Mar del Plata en enero es el infierno de bocinas y playas rebalsadas de gente, y los programas de chimentos, y el olor a bronceador en todas partes, y los turistas que andan en malla por el centro de la ciudad. Pero la temporada es breve, apenas dos meses en todo un largo año. El resto del tiempo Mardel parece ser una especie de cáscara vacía, un lugar con demasiado espacio para los que la habitan. Sin embargo, haciendo justicia al tiempo que dura una cosa y la otra, podría decirse que eso es la ciudad. Lo otro es circunstancial, transitorio. Mar del Plata es la mayor parte del año una ciudad del Interior, con un tiempo, un ritmo y unos criterios espaciales totalmente diferentes a los de la Capital. Y es una ciudad grande: tiene más de 600 mil habitantes. Seiscientas mil almas que habitan el terreno soñado de los otros, esas capas geológicas de sueños superpuestos que dejaron como saldo la ciudad que es hoy.
Nadie ignora que el hecho de ser una ciudad turística afecta y hasta moldea a los que viven allí. El carácter del marplatense está forjado al calor de esta dinámica de llenarse y vaciarse de la ciudad. Obviamente no todos viven del turismo y, sin embargo, de alguna manera, todos viven del turismo. “La ciudad” vive del turismo. Esto genera un vínculo ambiguo con los visitantes, perverso. Se los necesita y se los odia por igual. Se los desprecia en cualquiera de sus formas y clases sociales. Se los critica hasta decir basta.
Los turistas parecen ignorar este deprecio, ignorando básicamente al marplatense mismo. La forma de vivir la ciudad del turista nunca es la del habitante de la ciudad. “Los porteños”, como se llama genéricamente al turismo veraniego, a pesar de estar de vacaciones, suelen estar más apurados que los habitantes de la ciudad. Imponen un ritmo, se comportan a sus anchas. Nada más lejos de aquel viejo refrán que aconsejaba “a donde fueres haz lo que vieres”. Pues no, todo lo contrario. Ellos llegan con sus modos y sus formas, sus sombrillas y sus heladeritas, sus lonas y sus bocinazos. Y dan un poco de miedo.

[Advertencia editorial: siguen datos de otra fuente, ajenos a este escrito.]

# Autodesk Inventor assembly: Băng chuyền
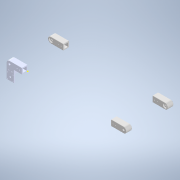
[picture p0: Inventor's stored thumbnail of the model, 180x180]
Saved by Autodesk Inventor 2020 (Build 240168000, 168)
## iProperties
Created: 2022-11-30
Part Number: Băng chuyền
Document SubType Name: Assembly
Designer: ADMIN
Author: ADMIN
## Documents named in this file (3)
- D:\Do-an-tot-nghiep\Inventor\Băng chuyền.iam
- D:\Do-an-tot-nghiep\Inventor\băng chuyền.ipt
- D:\Do-an-tot-nghiep\Inventor\bangchuyenstep.ipt
## Components (4 placed, 2 different names)
1. băng chuyền:1 — Flush:2, Mate:1, Flush:3, Mate:5, Flush:4
2. bangchuyenstep:1 — Flush:1, Flush:3, Mate:4, Mate:5
3. băng chuyền:2 — Flush:2, Mate:1, Mate:2, Mate:3, Flush:4
4. băng chuyền:3 — Flush:1, Mate:2, Mate:3, Mate:4
## Relationships (9: Mate 5, Flush 4)
- Flush:1: bangchuyenstep:1 ↔ băng chuyền:3
- Flush:2: băng chuyền:1 ↔ băng chuyền:2
- Mate:1 (500 mm): băng chuyền:1 ↔ băng chuyền:2
- Flush:3: băng chuyền:1 ↔ bangchuyenstep:1
- Mate:2: băng chuyền:2 ↔ băng chuyền:3
- Mate:3 (200 mm): băng chuyền:2 ↔ băng chuyền:3
- Mate:4 (500 mm): bangchuyenstep:1 ↔ băng chuyền:3
- Mate:5 (200 mm): băng chuyền:1 ↔ bangchuyenstep:1
- Flush:4: băng chuyền:1 ↔ băng chuyền:2
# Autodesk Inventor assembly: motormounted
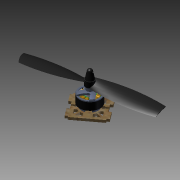
[picture p0: Inventor's stored thumbnail of the model, 180x180]
Saved by Autodesk Inventor 2012 (Build 160160000, 160)
## iProperties
Created: 2014-07-10
Part Number: motormounted
Document SubType Name: Assembly
Designer: Anon
Author: Anon
## Documents named in this file (4)
- D:\Dropbox\Courses\GP\Inventor\dronestructure\motor\motormounted.iam
- D:\Dropbox\Courses\GP\Inventor\dronestructure\motor\motorassembly.iam
- D:\Dropbox\Courses\GP\Inventor\dronestructure\MotorSupport.ipt
- C:\Users\Anon\Documents\Inventor\Content Center Files\R2012\en-US\JIS B 1176\JIS B 1176 - M3 x 6.ipt
## Components (6 placed, 3 different names)
1. motorassembly:1 [sub-assembly] — Mate:1, Mate:2, Mate:3
2. MotorSupport:1 — Mate:1, Mate:2, Mate:3, Mate:4, Mate:5, Mate:6, Mate:7, Mate:8, Mate:9, Mate:10, Mate:11
3. JIS B 1176 - Metric M3 x 6:1 — Mate:6, Mate:7
4. JIS B 1176 - Metric M3 x 6:2 — Mate:4, Mate:5
5. JIS B 1176 - Metric M3 x 6:3 — Mate:8, Mate:9
6. JIS B 1176 - Metric M3 x 6:4 — Mate:10, Mate:11
## Relationships (11: Mate 11)
- Mate:1: motorassembly:1 ↔ MotorSupport:1
- Mate:2: motorassembly:1 ↔ MotorSupport:1
- Mate:3: motorassembly:1 ↔ MotorSupport:1
- Mate:4: MotorSupport:1 ↔ JIS B 1176 - Metric M3 x 6:2
- Mate:5: MotorSupport:1 ↔ JIS B 1176 - Metric M3 x 6:2
- Mate:6: MotorSupport:1 ↔ JIS B 1176 - Metric M3 x 6:1
- Mate:7: MotorSupport:1 ↔ JIS B 1176 - Metric M3 x 6:1
- Mate:8: MotorSupport:1 ↔ JIS B 1176 - Metric M3 x 6:3
- Mate:9: MotorSupport:1 ↔ JIS B 1176 - Metric M3 x 6:3
- Mate:10: MotorSupport:1 ↔ JIS B 1176 - Metric M3 x 6:4
- Mate:11: MotorSupport:1 ↔ JIS B 1176 - Metric M3 x 6:4
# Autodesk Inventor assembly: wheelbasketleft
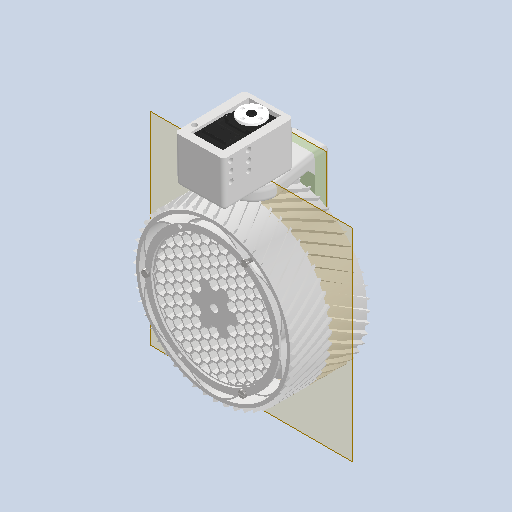
[picture p0: Inventor's stored thumbnail of the model, 512x512]
Saved by Autodesk Inventor 2025.3 (Build 293356000, 356)
## iProperties
Created: 2026-04-12
Part Number: wheelbasketleft
Document SubType Name: Assembly
Designer: ksawe
Author: ksawe
## Documents named in this file (3)
- C:\Users\ksawe\OneDrive\Pulpit\Exomy v1\wersja2\wheelbasketleft.iam
- C:\Users\ksawe\OneDrive\Pulpit\Exomy v1\wersja2\basketleftservo.iam
- C:\Users\ksawe\OneDrive\Pulpit\Exomy v1\wersja2\kolowahacz.iam
## Components (2 placed, 2 different names)
1. basketleftservo:1 [sub-assembly] — Mate:1, Mate:2
2. kolowahacz:1 [sub-assembly] — Mate:1, Mate:2
## Relationships (2: Mate 2)
- Mate:1: basketleftservo:1 ↔ kolowahacz:1
- Mate:2: basketleftservo:1 ↔ kolowahacz:1
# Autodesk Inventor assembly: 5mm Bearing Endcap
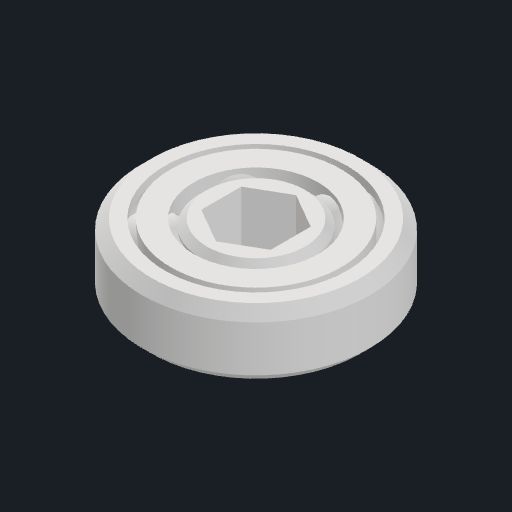
[picture p0: Inventor's stored thumbnail of the model, 512x512]
Saved by Autodesk Inventor 2023 (Build 270158000, 158)
## iProperties
Created: 2022-10-15
Part Number: 5mm Bearing Endcap
Document SubType Name: Assembly
Designer: izack
Author: izack
## Documents named in this file (5)
- G:\CAD Modeling\Private Robotics\Custom Tryhard Robot\Drivetrain\Swerve Module Parts\Bearing Parts\5mm Bearing Endcap.iam
- G:\CAD Modeling\Private Robotics\Custom Tryhard Robot\Drivetrain\Swerve Module Parts\Bearing Parts\4.5mm Ball Bearings.ipt
- G:\CAD Modeling\Private Robotics\Custom Tryhard Robot\Drivetrain\Swerve Module Parts\Bearing Parts\5mm Bearing Outside.ipt
- G:\CAD Modeling\Private Robotics\Custom Tryhard Robot\Drivetrain\Swerve Module Parts\Bearing Parts\Hex Bearing Spacer.ipt
- G:\CAD Modeling\Private Robotics\Custom Tryhard Robot\Drivetrain\Swerve Module Parts\Bearing Parts\5mm Hex Bearing Inside Blocker.ipt
## Components (8 placed, 4 different names)
1. 5mm Bearing Outside:1 — Flush:1, Mate:1, Flush:2, Flush:3, Mate:4
2. Hex Bearing Spacer:1 — Flush:1, Mate:1, Mate:3
3. 5mm Hex Bearing Inside Blocker:1 — Flush:2, Flush:3, Mate:4
4. 4.5mm Ball Bearings:1 — Mate:3
5. 4.5mm Ball Bearings:2
6. 4.5mm Ball Bearings:3
7. 4.5mm Ball Bearings:4
8. 4.5mm Ball Bearings:5
## Component patterns: (5 elements, first: 4.5mm Ball Bearings:1)
## Relationships (6: Flush 3, Mate 3)
- Flush:1: 5mm Bearing Outside:1 ↔ Hex Bearing Spacer:1
- Mate:1: 5mm Bearing Outside:1 ↔ Hex Bearing Spacer:1
- Mate:3: Hex Bearing Spacer:1 ↔ 4.5mm Ball Bearings:1
- Flush:2: 5mm Bearing Outside:1 ↔ 5mm Hex Bearing Inside Blocker:1
- Flush:3: 5mm Bearing Outside:1 ↔ 5mm Hex Bearing Inside Blocker:1
- Mate:4: 5mm Bearing Outside:1 ↔ 5mm Hex Bearing Inside Blocker:1

Yo viví en Mar del Plata hasta mis 18 años. Los días previos al fin de diciembre experimentaba una angustia insoportable. Esa ventosa ciudad, ese gélido territorio al que uno había resistido estoicamente todo el invierno, apenas empezaban los días lindos se llenaba de gente. Es como una maldición bíblica. Entre el 30 de diciembre y el 2 de enero la ciudad duplica la cantidad de habitantes de un día para el otro y entonces ya nada es lo que era. Los visitantes se creen los dueños, imponen sus códigos. Sienten que ese lugar es suyo. Muchos de ellos hasta son propietarios o sueñan con serlo algún día. Ese lugar les pertenece.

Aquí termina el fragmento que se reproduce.